• Your instructions:
Beneath this task are records; print exactly the stretch of them from the line with "me_cube_006.use_mirror_vertex_groups = False" through the line with "me_cube_003 = bpy.data.meshes.new('Cube.003')", both ends included.
——————
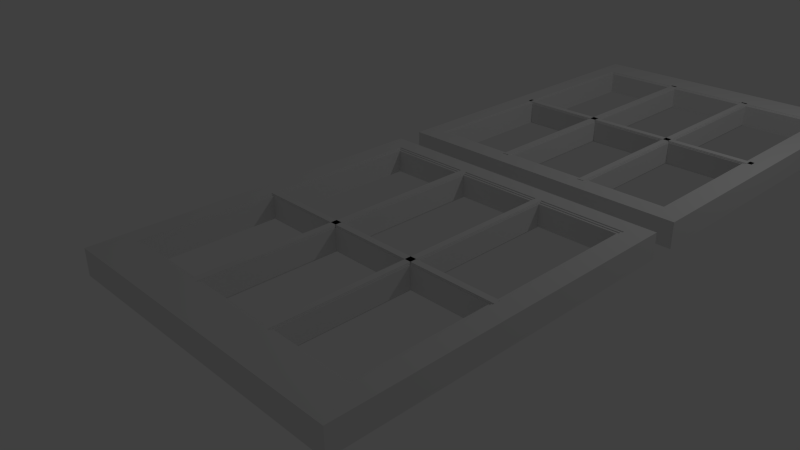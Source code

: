 # Source: window2.blend  (saved by Blender 2.72.0; exported with 4.5.12 LTS)
import bpy
from mathutils import Matrix  # noqa: F401  (used for matrix-valued properties, if any)

bpy.ops.wm.read_factory_settings(use_empty=True)
scene = bpy.context.scene
scene.name = 'Scene'

# ---- collections
col_collection_1 = bpy.data.collections.new('Collection 1'); scene.collection.children.link(col_collection_1)

# ---- materials (node trees are filled in below, after node groups)
mat_material = bpy.data.materials.new('Material')
mat_material.alpha_threshold = 0.0
mat_material.use_transparent_shadow = False
mat_material.roughness = 0.5
mat_material.line_color = (0.0, 0.0, 0.0, 1.0)
mat_material_001 = bpy.data.materials.new('Material.001')
mat_material_001.alpha_threshold = 0.0
mat_material_001.use_transparent_shadow = False
mat_material_001.roughness = 0.5
mat_material_001.line_color = (0.0, 0.0, 0.0, 1.0)
mat_material_002 = bpy.data.materials.new('Material.002')
mat_material_002.alpha_threshold = 0.0
mat_material_002.use_transparent_shadow = False
mat_material_002.roughness = 0.5
mat_material_002.line_color = (0.0, 0.0, 0.0, 1.0)

# ---- material node trees

# ---- world
world_world = bpy.data.worlds.new('World'); scene.world = world_world
world_world.color = (0.05088, 0.05088, 0.05088)
world_world.use_sun_shadow = False
world_world.sun_shadow_jitter_overblur = 0.0
world_world.cycles.sampling_method = 'MANUAL'
world_world.cycles.sample_map_resolution = 256

# ---- cameras
cam_camera = bpy.data.cameras.new('Camera')
cam_camera.clip_end = 100.0
cam_camera.lens = 35.0
cam_camera.sensor_width = 32.0
cam_camera.sensor_height = 18.0
cam_camera.ortho_scale = 7.314
cam_camera.dof.focus_distance = 0.0
cam_camera.dof.aperture_fstop = 128.0

# ---- lights
light_lamp = bpy.data.lights.new('Lamp', 'POINT')
light_lamp.transmission_factor = 0.0
light_lamp.cutoff_distance = 30.0
light_lamp.energy = 100.0
light_lamp.shadow_buffer_clip_start = 1.001
light_lamp.shadow_soft_size = 0.1
light_lamp.shadow_maximum_resolution = 0.006
light_lamp.use_absolute_resolution = True
light_lamp.cycles.use_multiple_importance_sampling = False

# ---- meshes
me_cube = bpy.data.meshes.new('Cube')
me_cube.from_pydata([(1.0, -1.0, -1.0), (-1.0, -1.0, -1.0), (-0.8782, -0.7938, -1.0), (-1.0, 1.0, -1.0), (0.8718, -0.7938, -1.0), (1.0, 1.0, -1.0), (-0.8782, 0.8989, -1.0), (0.8718, 0.8989, -1.0), (-1.0, 1.0, 1.0), (1.0, 1.0, 1.0), (1.0, -1.0, 1.0), (-1.0, -1.0, 1.0), (-0.8782, -0.7938, 1.0), (0.8718, -0.7938, 1.0), (-0.8782, 0.8989, 1.0), (0.8718, 0.8989, 1.0)], [], [(5, 7, 6, 3), (5, 0, 4, 7), (2, 1, 3, 6), (0, 1, 2, 4), (14, 15, 9, 8), (13, 10, 9, 15), (8, 11, 12, 14), (12, 11, 10, 13), (0, 5, 9, 10), (1, 0, 10, 11), (1, 11, 8, 3), (5, 3, 8, 9), (6, 14, 12, 2), (14, 6, 7, 15), (15, 7, 4, 13), (2, 12, 13, 4)])
me_cube.materials.append(mat_material)
me_cube.use_remesh_preserve_volume = False
me_cube.use_remesh_preserve_attributes = False
me_cube.use_mirror_vertex_groups = False
me_cube.update()
me_cube_005 = bpy.data.meshes.new('Cube.005')
me_cube_005.from_pydata([(-1.0, -1.0, -1.0), (-1.0, 1.0, -1.0), (1.0, 1.0, -1.0), (1.0, -1.0, -1.0), (-1.0, -1.0, 1.0), (-1.0, 1.0, 1.0), (1.0, 1.0, 1.0), (1.0, -1.0, 1.0)], [], [(4, 5, 1, 0), (5, 6, 2, 1), (6, 7, 3, 2), (7, 4, 0, 3), (0, 1, 2, 3), (7, 6, 5, 4)])
me_cube_005.use_remesh_preserve_volume = False
me_cube_005.use_remesh_preserve_attributes = False
me_cube_005.use_mirror_vertex_groups = False
me_cube_005.update()
me_cube_004 = bpy.data.meshes.new('Cube.004')
me_cube_004.from_pydata([(-1.0, -1.0, -1.0), (-1.0, 1.0, -1.0), (1.0, 1.0, -1.0), (1.0, -1.0, -1.0), (-1.0, -1.0, 1.0), (-1.0, 1.0, 1.0), (1.0, 1.0, 1.0), (1.0, -1.0, 1.0)], [], [(4, 5, 1, 0), (5, 6, 2, 1), (6, 7, 3, 2), (7, 4, 0, 3), (0, 1, 2, 3), (7, 6, 5, 4)])
me_cube_004.use_remesh_preserve_volume = False
me_cube_004.use_remesh_preserve_attributes = False
me_cube_004.use_mirror_vertex_groups = False
me_cube_004.update()
me_cube_006 = bpy.data.meshes.new('Cube.006')
me_cube_006.from_pydata([(-1.0, -1.0, -1.0), (-1.0, 1.0, -1.0), (1.0, 1.0, -1.0), (1.0, -1.0, -1.0), (-1.0, -1.0, 1.0), (-1.0, 1.0, 1.0), (1.0, 1.0, 1.0), (1.0, -1.0, 1.0)], [], [(4, 5, 1, 0), (5, 6, 2, 1), (6, 7, 3, 2), (7, 4, 0, 3), (0, 1, 2, 3), (7, 6, 5, 4)])
me_cube_006.use_remesh_preserve_volume = False
me_cube_006.use_remesh_preserve_attributes = False
me_cube_006.use_mirror_vertex_groups = False
me_cube_006.update()
me_cube_002 = bpy.data.meshes.new('Cube.002')
me_cube_002.from_pydata([(1.0, -1.0, -1.0), (-1.0, -1.0, -1.0), (-0.8782, -0.7938, -1.0), (-1.0, 1.0, -1.0), (0.8718, -0.7938, -1.0), (1.0, 1.0, -1.0), (-0.8782, 0.8989, -1.0), (0.8718, 0.8989, -1.0), (-1.0, 1.0, 1.0), (1.0, 1.0, 1.0), (1.0, -1.0, 1.0), (-1.0, -1.0, 1.0), (-0.8782, -0.7938, 1.0), (0.8718, -0.7938, 1.0), (-0.8782, 0.8989, 1.0), (0.8718, 0.8989, 1.0)], [], [(5, 7, 6, 3), (5, 0, 4, 7), (2, 1, 3, 6), (0, 1, 2, 4), (14, 15, 9, 8), (13, 10, 9, 15), (8, 11, 12, 14), (12, 11, 10, 13), (0, 5, 9, 10), (1, 0, 10, 11), (1, 11, 8, 3), (5, 3, 8, 9), (6, 14, 12, 2), (14, 6, 7, 15), (15, 7, 4, 13), (2, 12, 13, 4)])
me_cube_002.materials.append(mat_material_001)
me_cube_002.use_remesh_preserve_volume = False
me_cube_002.use_remesh_preserve_attributes = False
me_cube_002.use_mirror_vertex_groups = False
me_cube_002.update()
me_cube_003 = bpy.data.meshes.new('Cube.003')
me_cube_003.from_pydata([(0.8851, 0.9094, -1.0), (0.8718, 0.8989, -1.0), (-0.8782, 0.8989, -1.0), (-0.8916, 0.91, -1.0), (-0.8916, 0.9126, -1.0), (0.8851, 0.9126, -1.0), (0.8793, -0.8059, -1.0), (0.8718, -0.7938, -1.0), (0.8851, -0.8059, -1.0), (-0.8782, 0.8989, 1.0), (0.8718, 0.8989, 1.0), (-0.8782, -0.7938, -1.0), (-0.8853, -0.8059, -1.0), (-0.8916, -0.8059, -1.0), (0.8718, -0.7938, 1.0), (0.8851, 0.9094, 1.0), (0.8851, 0.9126, 1.0), (-0.8916, 0.9126, 1.0), (-0.8916, 0.91, 1.0), (-0.8782, -0.7938, 1.0), (0.8793, -0.8059, 1.0), (0.8851, -0.8059, 1.0), (-0.8853, -0.8059, 1.0), (-0.8916, -0.8059, 1.0), (-0.8916, 0.9126, -1.069), (0.8851, 0.9126, -1.069), (-0.8916, -0.8059, -1.069), (-1.015, -1.015, -1.069), (-1.015, 1.015, -1.069), (-1.015, -1.015, 1.069), (0.8851, -0.8059, -1.069), (-0.8916, 0.9126, 1.069), (0.8851, 0.9126, 1.069), (0.8851, -0.8059, 1.069), (-0.8916, -0.8059, 1.069)], [], [(0, 1, 2, 3, 4, 5), (6, 7, 1, 0, 8), (9, 2, 1, 10), (11, 12, 13, 3, 2), (12, 11, 7, 6), (10, 1, 7, 14), (9, 10, 15, 16, 17, 18), (2, 9, 19, 11), (11, 19, 14, 7), (14, 20, 21, 15, 10), (22, 19, 9, 18, 23), (20, 14, 19, 22), (4, 24, 25, 5), (26, 27, 28, 24), (28, 27, 29), (5, 25, 30, 8, 0), (24, 4, 3, 13, 26), (31, 17, 16, 32), (26, 13, 12, 6, 8, 30), (32, 16, 15, 21, 33), (17, 31, 34, 23, 18), (23, 34, 33, 21, 20, 22)])
me_cube_003.materials.append(mat_material_002)
me_cube_003.use_remesh_preserve_volume = False
me_cube_003.use_remesh_preserve_attributes = False
me_cube_003.use_mirror_vertex_groups = False
me_cube_003.update()
me_cube_014 = bpy.data.meshes.new('Cube.014')
me_cube_014.from_pydata([(-1.0, -1.0, -1.0), (-1.0, 1.0, -1.0), (1.0, 1.0, -1.0), (1.0, -1.0, -1.0), (-1.0, -1.0, 1.0), (-1.0, 1.0, 1.0), (1.0, 1.0, 1.0), (1.0, -1.0, 1.0)], [], [(4, 5, 1, 0), (5, 6, 2, 1), (6, 7, 3, 2), (7, 4, 0, 3), (0, 1, 2, 3), (7, 6, 5, 4)])
me_cube_014.use_remesh_preserve_volume = False
me_cube_014.use_remesh_preserve_attributes = False
me_cube_014.use_mirror_vertex_groups = False
me_cube_014.update()
me_cube_016 = bpy.data.meshes.new('Cube.016')
me_cube_016.from_pydata([(-1.0, -1.0, -1.0), (-1.0, 1.0, -1.0), (1.0, 1.0, -1.0), (1.0, -1.0, -1.0), (-1.0, -1.0, 1.0), (-1.0, 1.0, 1.0), (1.0, 1.0, 1.0), (1.0, -1.0, 1.0)], [], [(4, 5, 1, 0), (5, 6, 2, 1), (6, 7, 3, 2), (7, 4, 0, 3), (0, 1, 2, 3), (7, 6, 5, 4)])
me_cube_016.use_remesh_preserve_volume = False
me_cube_016.use_remesh_preserve_attributes = False
me_cube_016.use_mirror_vertex_groups = False
me_cube_016.update()
me_cube_018 = bpy.data.meshes.new('Cube.018')
me_cube_018.from_pydata([(-1.0, -1.0, -1.0), (-1.0, 1.0, -1.0), (1.0, 1.0, -1.0), (1.0, -1.0, -1.0), (-1.0, -1.0, 1.0), (-1.0, 1.0, 1.0), (1.0, 1.0, 1.0), (1.0, -1.0, 1.0)], [], [(4, 5, 1, 0), (5, 6, 2, 1), (6, 7, 3, 2), (7, 4, 0, 3), (0, 1, 2, 3), (7, 6, 5, 4)])
me_cube_018.use_remesh_preserve_volume = False
me_cube_018.use_remesh_preserve_attributes = False
me_cube_018.use_mirror_vertex_groups = False
me_cube_018.update()
me_cube_020 = bpy.data.meshes.new('Cube.020')
me_cube_020.from_pydata([(-1.0, -1.0, -1.0), (-1.0, 1.0, -1.0), (1.0, 1.0, -1.0), (1.0, -1.0, -1.0), (-1.0, -1.0, 1.0), (-1.0, 1.0, 1.0), (1.0, 1.0, 1.0), (1.0, -1.0, 1.0)], [], [(4, 5, 1, 0), (5, 6, 2, 1), (6, 7, 3, 2), (7, 4, 0, 3), (0, 1, 2, 3), (7, 6, 5, 4)])
me_cube_020.use_remesh_preserve_volume = False
me_cube_020.use_remesh_preserve_attributes = False
me_cube_020.use_mirror_vertex_groups = False
me_cube_020.update()
me_cube_022 = bpy.data.meshes.new('Cube.022')
me_cube_022.from_pydata([(-1.0, -1.0, -1.0), (-1.0, 1.0, -1.0), (1.0, 1.0, -1.0), (1.0, -1.0, -1.0), (-1.0, -1.0, 1.0), (-1.0, 1.0, 1.0), (1.0, 1.0, 1.0), (1.0, -1.0, 1.0)], [], [(4, 5, 1, 0), (5, 6, 2, 1), (6, 7, 3, 2), (7, 4, 0, 3), (0, 1, 2, 3), (7, 6, 5, 4)])
me_cube_022.use_remesh_preserve_volume = False
me_cube_022.use_remesh_preserve_attributes = False
me_cube_022.use_mirror_vertex_groups = False
me_cube_022.update()
me_cube_023 = bpy.data.meshes.new('Cube.023')
me_cube_023.from_pydata([(-0.9786, 1.0, 1.0), (0.9659, 1.0, 1.0), (0.9659, 1.0, -1.0), (-0.9786, 1.0, -1.0), (-0.9786, -1.0, 1.0), (0.9659, -1.0, 1.0), (0.9659, -1.0, -1.0), (-0.9786, -1.0, -1.0), (1.108, 39.39, -1.169), (0.9659, 35.42, -1.169), (-0.9786, 35.42, -1.169), (-1.114, 39.39, -1.169), (-1.114, 39.39, 1.169), (1.108, 39.39, 1.169), (1.108, -39.18, -1.169), (0.9659, -31.08, -1.169), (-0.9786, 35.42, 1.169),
——————
• Answer to this task:
me_cube_006.use_mirror_vertex_groups = False
me_cube_006.update()
me_cube_002 = bpy.data.meshes.new('Cube.002')
me_cube_002.from_pydata([(1.0, -1.0, -1.0), (-1.0, -1.0, -1.0), (-0.8782, -0.7938, -1.0), (-1.0, 1.0, -1.0), (0.8718, -0.7938, -1.0), (1.0, 1.0, -1.0), (-0.8782, 0.8989, -1.0), (0.8718, 0.8989, -1.0), (-1.0, 1.0, 1.0), (1.0, 1.0, 1.0), (1.0, -1.0, 1.0), (-1.0, -1.0, 1.0), (-0.8782, -0.7938, 1.0), (0.8718, -0.7938, 1.0), (-0.8782, 0.8989, 1.0), (0.8718, 0.8989, 1.0)], [], [(5, 7, 6, 3), (5, 0, 4, 7), (2, 1, 3, 6), (0, 1, 2, 4), (14, 15, 9, 8), (13, 10, 9, 15), (8, 11, 12, 14), (12, 11, 10, 13), (0, 5, 9, 10), (1, 0, 10, 11), (1, 11, 8, 3), (5, 3, 8, 9), (6, 14, 12, 2), (14, 6, 7, 15), (15, 7, 4, 13), (2, 12, 13, 4)])
me_cube_002.materials.append(mat_material_001)
me_cube_002.use_remesh_preserve_volume = False
me_cube_002.use_remesh_preserve_attributes = False
me_cube_002.use_mirror_vertex_groups = False
me_cube_002.update()
me_cube_003 = bpy.data.meshes.new('Cube.003')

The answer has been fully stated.